Lo stesso allestimento è stato coprodotto con il Teatro Comunale di Bologna, che per l’inaugurazione della stagione 2019 – altre sei recite dal 22 al 29 gennaio – se ne è però avvalso onde portare in scena l’italianissimo Trovatore. Il fantasma parmigiano e la declinazione felsinea motivano alla recensione congiunta. A partire da ciò che si osserva, ossia da un immutato Wilson: come se egli nemmeno s’accorgesse di due diverse drammaturgie. Al punto che la cabaletta di Leonora nell’atto IV, stralciata nella versione francese e ricomparsa in quella italiana, a Bologna diviene un mero accodamento all’immobilità che la precede. E al punto che l’anti-coreografia sopra descritta non sparisce con il balletto stesso, ma è eseguita tal quale in un silenzio interrotto da irregolari rumori, a dimostrazione che nulla le era più superfluo della danza, della musica e di Verdi. Diverte quasi, allora, notare come intorno all’atarassia del regista-designer si divarichino due atteggiamenti musicali antitetici: la forbitezza festivaliera di Parma e la mediocrità routinaria di Bologna. Al Farnese v’era sul podio un Roberto Abbado nel solito stato di grazia, intento non solo a far conoscere le varianti francesi di un’opera arcinota, ma anche a emendare le parti in comune dalla pigrizia della tradizione: una lezione di stile che diveniva anche una lezione di tecnica per l’Orchestra e il Coro del Teatro Comunale lì ospitati.

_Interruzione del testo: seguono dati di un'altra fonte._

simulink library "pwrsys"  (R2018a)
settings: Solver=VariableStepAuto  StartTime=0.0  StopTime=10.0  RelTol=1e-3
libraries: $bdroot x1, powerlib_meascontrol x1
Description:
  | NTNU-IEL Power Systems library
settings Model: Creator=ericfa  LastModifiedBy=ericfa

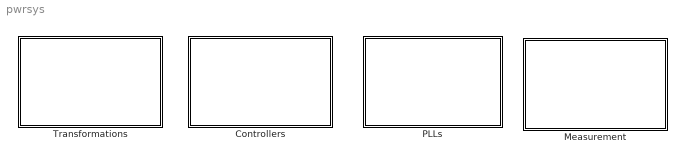
== system pwrsys ==
  Controllers : Subsystem
  Measurement : Subsystem
  PLLs : Subsystem
  Transformations : Subsystem

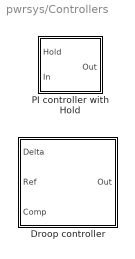
== system pwrsys/Controllers ==
  Droop controller : Subsystem  mask(Droop controller){Refmax=1, Refmin=-1, Kp=1, Kd=0, Tr=0.1, flp=100, DB=0}
      mask prompts: Refmax "Max reference"; Refmin "Min reference"; Kp "Permanent gain"; Kd "Transient gain"; Tr "Reset time [s]"; flp "Low-pass filter cut-off frequency [Hz]"; DB "Dead-band"
      mask help:
      | This block implements a droop controller, i.e. it provides compensation of the input Ref based on the input Delta and Comp.
      |
      | The input Delta is used as input of a PD controller which provides permanent (proportional) and transient (derivative) droop of the input Ref.
      |
      | The input Comp divides the output value of the droop controller and may be used for other types of compensation.
      mask DialogControl DescGroupVar Prompt: Active Power and Frequency Controller
      mask DialogControl DescTextVar Prompt: This block implements a simplified model for power control with droop influence. It can be used either for active power with frequency droop influence or reactive power with voltage droop influence.
      mask DialogControl droop Prompt: Droop control
      mask DialogControl meas Prompt: Delta
  PI controller with Hold : Subsystem  mask(PI controller with anti-windup){Kp=1, Ki=0, Max=1, Min=-1, x0=0}
      mask prompts: Kp "Proportional gain"; Ki "Integral gain"; Max "Maximum output"; Min "Minimum output"; x0 "Initial condition"
      mask help:
      | This block implements a PI controller with anti-windup
      |
      | The input hold freezes the integrator and allows implementing anti-windup in control loops with feed-forward or dynamic limits

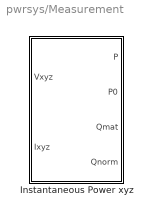
== system pwrsys/Measurement ==
  Instantaneous Power xyz : Subsystem  mask(Instantaneous Power xyz){typeTransf=Amplitude-invariant}
      mask prompts: typeTransf "Type of transformation"
      mask init:
      | switch typeTransf
      |     case 1
      |         a = 1.5;
      |         b = 3;
      |     case 2
      |         a = 1;
      |         b = 1;
      | end
      mask TypeOptions typeTransf: Amplitude-invariant | Power-invariant

== system pwrsys/PLLs ==
  PLL 3-phase abc : Subsystem  mask(3-Phase PLL in the abc frame){fnom=50, fdev=20, zeta=0.707, Kp=100, Ki=50, Kd=10, Tr=100}
      mask prompts: fnom "Rated frequency [Hz]"; fdev "Maximum frequency deviation [Hz]"; zeta "Damping ratio"; Kp "Proportional gain"; Ki "Integral gain"; Kd "Derivative gain"; Tr "Reset time [s]"
      mask help: This block implements a 3-phase PLL in the abc reference frame.
      mask init:
      | wn = fnom/(4*zeta);
      mask DialogControl freqFilter Prompt: Frequency filter
      mask DialogControl ctrl Prompt: Controller

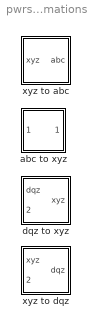
== system pwrsys/Transformations ==
  abc to xyz : Subsystem  mask(Clarke transformation){typeTransf=Amplitude-invariant}
      mask prompts: typeTransf "Type of transformation"
      mask init:
      | switch typeTransf
      |     case 1
      |         a = 1/3;
      |         b = 1/sqrt(3);
      |         c = sqrt(2)/3;
      |     case 2
      |         a = 1/sqrt(6);
      |         b = 1/sqrt(2);
      |         c = 1/sqrt(3);
      | end
      mask TypeOptions typeTransf: Amplitude-invariant | Power-invariant
  dqz to xyz : Subsystem  mask(Inverse Park transformation){}
  xyz to abc : Subsystem  mask(Inverse Clarke transformation){typeTransf=Amplitude-invariant}
      mask prompts: typeTransf "Type of transformation"
      mask init:
      | switch typeTransf
      |     case 1
      |         a = 1;
      |         b = sqrt(3)/2;
      |         c = 1/2;
      |         d = 1/sqrt(2);
      |     case 2
      |         a = sqrt(2/3);
      |         b = 1/sqrt(2);
      |         c = 1/sqrt(6);
      |         d = 1/sqrt(3);
      | end
      mask TypeOptions typeTransf: Amplitude-invariant | Power-invariant
  xyz to dqz : Subsystem  mask(Inverse Park transformation){}

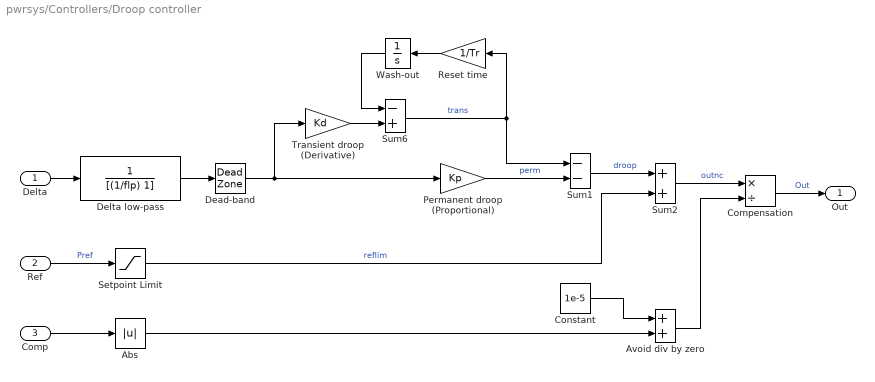
== system pwrsys/Controllers/Droop controller ==
  Delta : Inport
  Ref : Inport  Port=2
  Comp : Inport  Port=3
  Abs : Abs  ZeroCross=off
  Avoid div by zero : Sum
  Compensation : Product  Inputs=*/
  Constant : Constant  Value=1e-5
  Dead-band : DeadZone  LowerValue=-DB  UpperValue=DB  SaturateOnIntegerOverflow=on
  Delta low-pass : TransferFcn  Denominator=[(1/flp) 1]
  Permanent droop (Proportional) : Gain  Gain=Kp
  Reset time : Gain  Gain=1/Tr
  Setpoint Limit : Saturate  UpperLimit=Refmax  LowerLimit=Refmin  ZeroCross=off
  Sum1 : Sum  Inputs=--
  Sum2 : Sum
  Sum6 : Sum  Inputs=-+
  Transient droop (Derivative) : Gain  Gain=Kd
  Wash-out : Integrator  LimitOutput=on  UpperSaturationLimit=1  LowerSaturationLimit=-1  ZeroCross=off
  Out : Outport
  wires:
  Permanent droop (Proportional)/1 -> Sum1/2  "perm"
  Wash-out/1 -> Sum6/1
  Transient droop (Derivative)/1 -> Sum6/2
  Sum1/1 -> Sum2/1  "droop"
  Sum6/1 -> Sum1/1, Reset time/1  "trans"
  Reset time/1 -> Wash-out/1
  Delta/1 -> Delta low-pass/1
  Ref/1 -> Setpoint Limit/1  "Pref"
  Sum2/1 -> Compensation/1  "outnc"
  Delta low-pass/1 -> Dead-band/1
  Dead-band/1 -> Permanent droop (Proportional)/1, Transient droop (Derivative)/1
  Comp/1 -> Abs/1
  Setpoint Limit/1 -> Sum2/2  "reflim"
  Constant/1 -> Avoid div by zero/1
  Avoid div by zero/1 -> Compensation/2
  Compensation/1 -> Out/1  "Out"
  Abs/1 -> Avoid div by zero/2

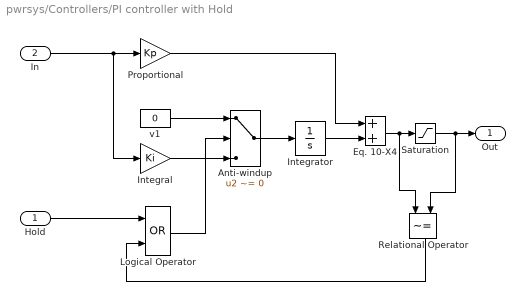
== system pwrsys/Controllers/PI controller with Hold ==
  Hold : Inport
  In : Inport  Port=2
  Anti-windup : Switch  Criteria=u2 ~= 0
  Eq. 10-X4 : Sum  SaturateOnIntegerOverflow=on  InputSameDT=on  OutDataTypeStr=Inherit: Same as first input
  Integral : Gain  Gain=Ki
  Integrator : Integrator  InitialCondition=x0  UpperSaturationLimit=0  LowerSaturationLimit=0
  Logical Operator : Logic  Operator=OR  AllPortsSameDT=off  OutDataTypeStr=boolean
  Proportional : Gain  Gain=Kp
  Relational Operator : RelationalOperator  Operator=~=  OutDataTypeStr=boolean  RndMeth=Simplest
  Saturation : Saturate  UpperLimit=Max  LowerLimit=Min
  v1 : Constant  Value=0
  Out : Outport
  wires:
  Integrator/1 -> Eq. 10-X4/2
  Integral/1 -> Anti-windup/3
  Anti-windup/1 -> Integrator/1
  Hold/1 -> Logical Operator/1
  In/1 -> Integral/1, Proportional/1
  Eq. 10-X4/1 -> Saturation/1, Relational Operator/1
  v1/1 -> Anti-windup/1
  Saturation/1 -> Relational Operator/2, Out/1
  Relational Operator/1 -> Logical Operator/2
  Logical Operator/1 -> Anti-windup/2
  Proportional/1 -> Eq. 10-X4/1

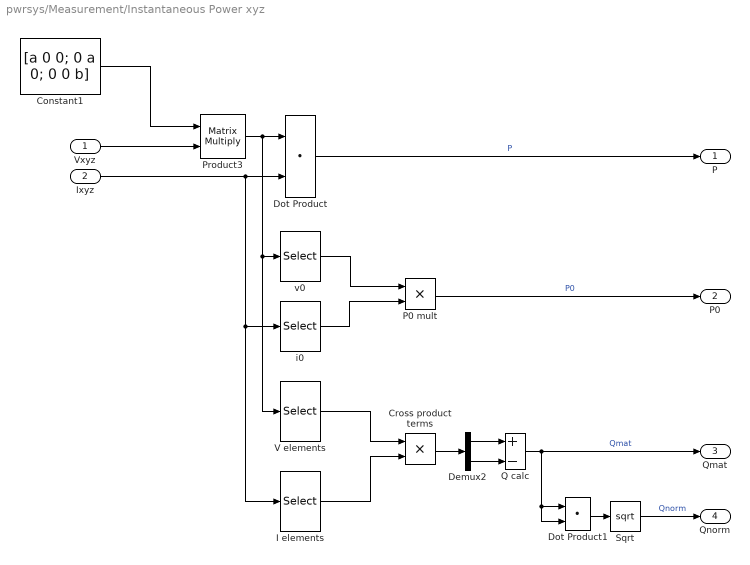
== system pwrsys/Measurement/Instantaneous Power xyz ==
  Vxyz : Inport
  Ixyz : Inport  Port=2
  Constant1 : Constant  Value=[a 0 0; 0 a 0; 0 0 b]
  Cross product terms : Product  RndMeth=Zero
  Demux2 : Demux  Outputs=2
  Dot Product : DotProduct  InputSameDT=on  OutDataTypeStr=Inherit: Inherit via internal rule
  Dot Product1 : DotProduct  InputSameDT=on  OutDataTypeStr=Inherit: Inherit via internal rule
  I elements : Selector  InputPortWidth=3  IndexOptions=Index vector (dialog)  Indices=[3 1 2 2 3 1]  OutputSizes=1
  P0 mult : Product  RndMeth=Zero
  Product3 : Product  Multiplication=Matrix(*)
  Q calc : Sum  Inputs=+-
  Sqrt : Sqrt  SaturateOnIntegerOverflow=on
  V elements : Selector  InputPortWidth=3  IndexOptions=Index vector (dialog)  Indices=[2 3 1 3 1 2]  OutputSizes=1
  i0 : Selector  InputPortWidth=3  IndexOptions=Index vector (dialog)  Indices=[3]  OutputSizes=1
  v0 : Selector  InputPortWidth=3  IndexOptions=Index vector (dialog)  Indices=[3]  OutputSizes=1
  P : Outport
  P0 : Outport  Port=2
  Qmat : Outport  Port=3
  Qnorm : Outport  Port=4
  wires:
  Dot Product/1 -> P/1  "P"
  Q calc/1 -> Qmat/1, Dot Product1/2, Dot Product1/1  "Qmat"
  Constant1/1 -> Product3/1
  Product3/1 -> V elements/1, v0/1, Dot Product/1
  Demux2/1 -> Q calc/1
  I elements/1 -> Cross product terms/2
  Vxyz/1 -> Product3/2
  Demux2/2 -> Q calc/2
  Ixyz/1 -> I elements/1, i0/1, Dot Product/2
  V elements/1 -> Cross product terms/1
  Cross product terms/1 -> Demux2/1
  v0/1 -> P0 mult/1
  i0/1 -> P0 mult/2
  P0 mult/1 -> P0/1  "P0"
  Dot Product1/1 -> Sqrt/1
  Sqrt/1 -> Qnorm/1  "Qnorm"

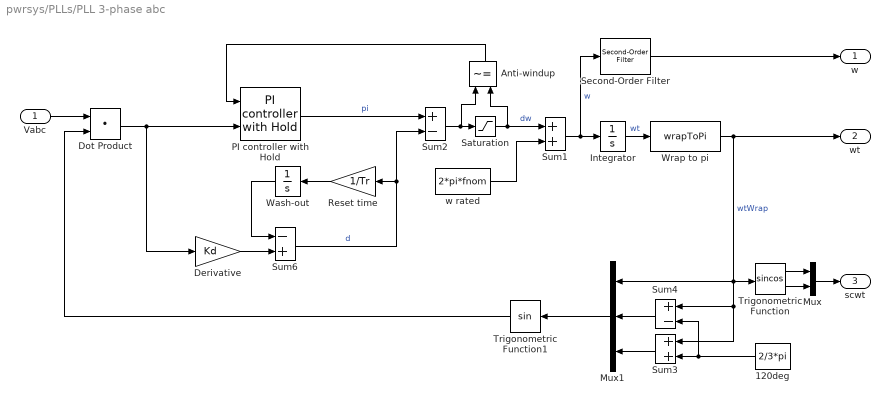
== system pwrsys/PLLs/PLL 3-phase abc ==
  Vabc : Inport
  120deg : Constant  Value=2/3*pi
  Anti-windup : RelationalOperator  Operator=~=  OutDataTypeStr=boolean  RndMeth=Simplest
  Derivative : Gain  Gain=Kd
  Dot Product : DotProduct  InputSameDT=on  OutDataTypeStr=Inherit: Inherit via internal rule
  Integrator : Integrator  UpperSaturationLimit=1  LowerSaturationLimit=-1  ZeroCross=off
  Mux : Mux  Inputs=2
  Mux1 : Mux  Inputs=3
  PI controller with Hold : $bdroot/Controllers/PI controller  with Hold  Kp=Kp  Ki=Ki  Max=2*pi*fdev  Min=-2*pi*fdev  x0=0
  Reset time : Gain  Gain=1/Tr
  Saturation : Saturate  UpperLimit=2*pi*fdev  LowerLimit=-2*pi*fdev
  Second-Order Filter : powerlib_meascontrol/Filters/Second-Order Filter  FilterType=Lowpass  Fo=wn  Zeta=zeta  Ts=0  Initialize=on  Vac_Init="[0,  0,  60]"  Vdc_Init=2*pi*fnom  PlotResponse=off  FreqRange=[0, 500, 1]
      settings: SourceProductName=Simscape Power Systems  SourceProductBaseCode=PS
  Sum1 : Sum
  Sum2 : Sum  Inputs=+-
  Sum3 : Sum
  Sum4 : Sum  Inputs=+-
  Sum6 : Sum  Inputs=-+
  Trigonometric Function : Trigonometry  Operator=sincos  ApproximationMethod=CORDIC
  Trigonometric Function1 : Trigonometry  ApproximationMethod=CORDIC
  Wash-out : Integrator  LimitOutput=on  UpperSaturationLimit=2*pi*fdev  LowerSaturationLimit=-2*pi*fdev  ZeroCross=off
  Wrap to pi : MATLABFcn  MATLABFcn=wrapToPi
  w rated : Constant  Value=2*pi*fnom
  w : Outport
  wt : Outport  Port=2
  scwt : Outport  Port=3
  wires:
  Reset time/1 -> Wash-out/1
  Wash-out/1 -> Sum6/1
  Sum6/1 -> Sum2/2, Reset time/1  "d"
  Derivative/1 -> Sum6/2
  Saturation/1 -> Sum1/1, Anti-windup/2  "dw"
  w rated/1 -> Sum1/2
  Sum1/1 -> Second-Order Filter/1, Integrator/1  "w"
  Integrator/1 -> Wrap to pi/1  "wt"
  Vabc/1 -> Dot Product/1
  PI controller with Hold/1 -> Sum2/1  "pi"
  Sum2/1 -> Anti-windup/1, Saturation/1
  Anti-windup/1 -> PI controller with Hold/1
  Wrap to pi/1 -> Mux1/1, Trigonometric Function/1, Sum4/1, Sum3/1, wt/1  "wtWrap"
  Trigonometric Function/1 -> Mux/1
  Trigonometric Function/2 -> Mux/2
  Mux/1 -> scwt/1
  120deg/1 -> Sum4/2, Sum3/2
  Sum4/1 -> Mux1/2
  Sum3/1 -> Mux1/3
  Mux1/1 -> Trigonometric Function1/1
  Trigonometric Function1/1 -> Dot Product/2
  Second-Order Filter/1 -> w/1
  Dot Product/1 -> Derivative/1, PI controller with Hold/2

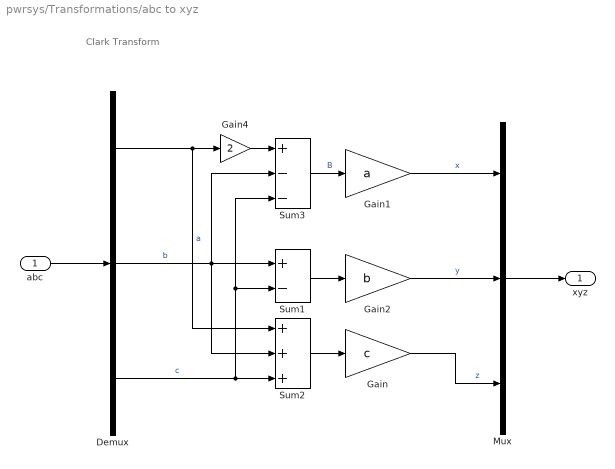
== system pwrsys/Transformations/abc to xyz ==
  note: Clark Transform
  abc : Inport
  Demux : Demux  Outputs=3
  Gain : Gain  Gain=c
  Gain1 : Gain  Gain=a
  Gain2 : Gain  Gain=b
  Gain4 : Gain  Gain=2
  Mux : Mux  Inputs=3
  Sum1 : Sum  Inputs=+-
  Sum2 : Sum  Inputs=+++
  Sum3 : Sum  Inputs=+--
  xyz : Outport
  wires:
  abc/1 -> Demux/1
  Demux/1 -> Sum2/1, Gain4/1  "a"
  Gain/1 -> Mux/3  "z"
  Gain2/1 -> Mux/2  "y"
  Gain1/1 -> Mux/1  "x"
  Mux/1 -> xyz/1
  Gain4/1 -> Sum3/1
  Demux/2 -> Sum2/2, Sum1/1, Sum3/2  "b"
  Demux/3 -> Sum2/3, Sum1/2, Sum3/3  "c"
  Sum3/1 -> Gain1/1  "B"
  Sum1/1 -> Gain2/1
  Sum2/1 -> Gain/1

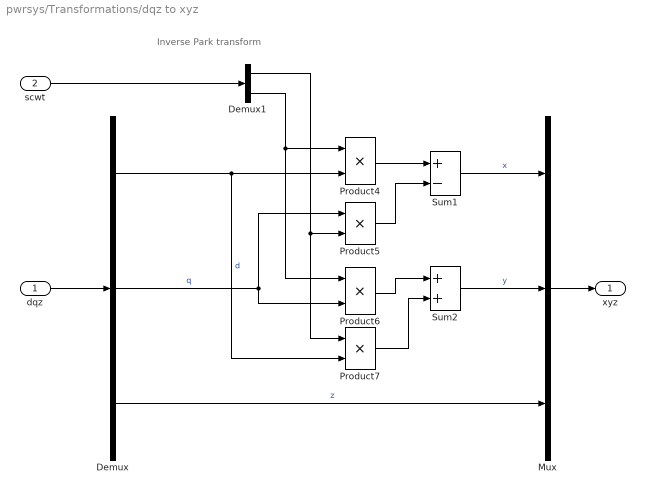
== system pwrsys/Transformations/dqz to xyz ==
  note: Inverse Park transform
  dqz : Inport
  scwt : Inport  Port=2
  Demux : Demux  Outputs=3
  Demux1 : Demux  Outputs=2
  Mux : Mux  Inputs=3
  Product{4..7} (4 alike) : Product
  Sum1 : Sum  Inputs=+-
  Sum2 : Sum
  xyz : Outport
  wires:
  dqz/1 -> Demux/1
  Demux/1 -> Product7/2, Product4/2  "d"
  Demux1/2 -> Product4/1, Product6/1
  Product5/1 -> Sum1/2
  Product4/1 -> Sum1/1
  Demux1/1 -> Product7/1, Product5/2
  Demux/2 -> Product6/2, Product5/1  "q"
  scwt/1 -> Demux1/1
  Product6/1 -> Sum2/1
  Product7/1 -> Sum2/2
  Mux/1 -> xyz/1
  Demux/3 -> Mux/3  "z"
  Sum2/1 -> Mux/2  "y"
  Sum1/1 -> Mux/1  "x"

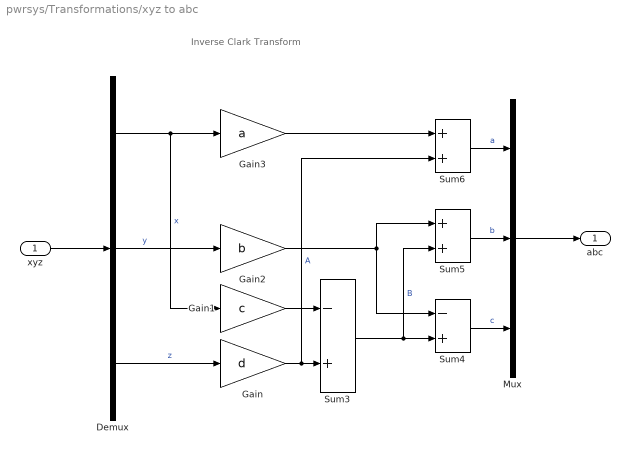
== system pwrsys/Transformations/xyz to abc ==
  note: Inverse Clark Transform
  xyz : Inport
  Demux : Demux  Outputs=3
  Gain : Gain  Gain=d
  Gain1 : Gain  Gain=c
  Gain2 : Gain  Gain=b
  Gain3 : Gain  Gain=a
  Mux : Mux  Inputs=3
  Sum3 : Sum  Inputs=-+
  Sum4 : Sum  Inputs=-+
  Sum5 : Sum
  Sum6 : Sum
  abc : Outport
  wires:
  xyz/1 -> Demux/1
  Demux/2 -> Gain2/1  "y"
  Demux/1 -> Gain3/1, Gain1/1  "x"
  Demux/3 -> Gain/1  "z"
  Gain1/1 -> Sum3/1
  Gain/1 -> Sum6/2, Sum3/2  "A"
  Gain2/1 -> Sum5/1, Sum4/1
  Sum3/1 -> Sum5/2, Sum4/2  "B"
  Sum4/1 -> Mux/3  "c"
  Sum5/1 -> Mux/2  "b"
  Sum6/1 -> Mux/1  "a"
  Gain3/1 -> Sum6/1
  Mux/1 -> abc/1

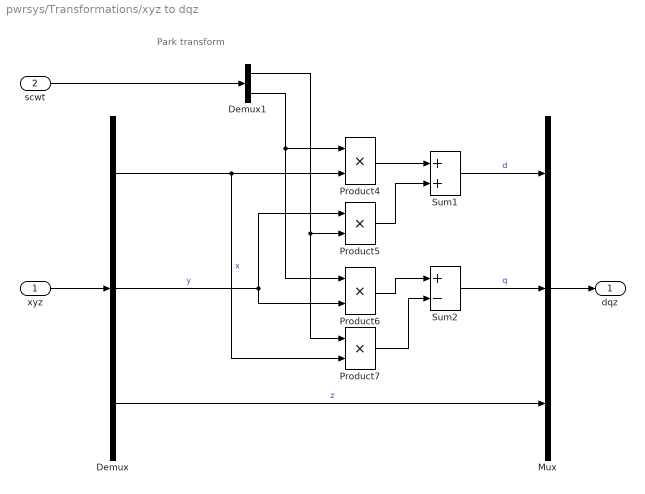
== system pwrsys/Transformations/xyz to dqz ==
  note: Park transform
  xyz : Inport
  scwt : Inport  Port=2
  Demux : Demux  Outputs=3
  Demux1 : Demux  Outputs=2
  Mux : Mux  Inputs=3
  Product{4..7} (4 alike) : Product
  Sum1 : Sum
  Sum2 : Sum  Inputs=+-
  dqz : Outport
  wires:
  Sum1/1 -> Mux/1  "d"
  Sum2/1 -> Mux/2  "q"
  Demux/3 -> Mux/3  "z"
  Mux/1 -> dqz/1
  Product7/1 -> Sum2/2
  Product6/1 -> Sum2/1
  scwt/1 -> Demux1/1
  Demux/2 -> Product5/1, Product6/2  "y"
  Demux1/1 -> Product5/2, Product7/1
  Product4/1 -> Sum1/1
  Product5/1 -> Sum1/2
  Demux1/2 -> Product6/1, Product4/1
  Demux/1 -> Product4/2, Product7/2  "x"
  xyz/1 -> Demux/1

Le stesse maestranze trovano ora l’antitetico Pinchas Steinberg, che affronta Verdi secondo la tradizione globale del dopoguerra, senza veruna attitudine da esegeta e falciando le riprese di cabaletta. Che gli stia a cuore «Ah sì, ben mio, coll’essere», lo dimostra con un continuo richiamo di controcanti; che gli stia a cuore «D’amor sull’ali rosee», lo dimostra invece con allentamenti a senso unico: essi potrebbero essere sostenuti solo da chi possieda l’arte dei filati alla maniera di Montserrat Caballé; ma della Señora, beninteso, non v’è traccia. Leonora è Guanqun Yu: preparata con zelo orientale, poco incline alla sfumatura, ben dotata in mezzi vocali; più centrata era la sua omologa parmigiana, Roberta Mantegna, atta a sgravare Léonore nel lirismo puro. Il Manrico di Riccardo Massi gode di simpatia timbrica: ma per aver chiaro cosa siano accento, fraseggio e personaggio, occorre tornare con la mente al Manrique di Giuseppe Gipali. Munito ma grezzo era il Comte de Luna di Franco Vassallo, in difficoltà con il francese; munito ma grezzo è ora il Conte di Luna di Vasily Ladyk, in difficoltà con l’italiano. A Parma Nino Surguladze era un’Azucena vellutata, signorile ed enigmatica; a Bologna torna a essere la scomposta zingara benedetta dalla tradizione. Più smalto e volume che stile e misura nel Fernand/Ferrando di Marco Spotti, anch’egli comune alle due città, alle due versioni, ai due spettacoli.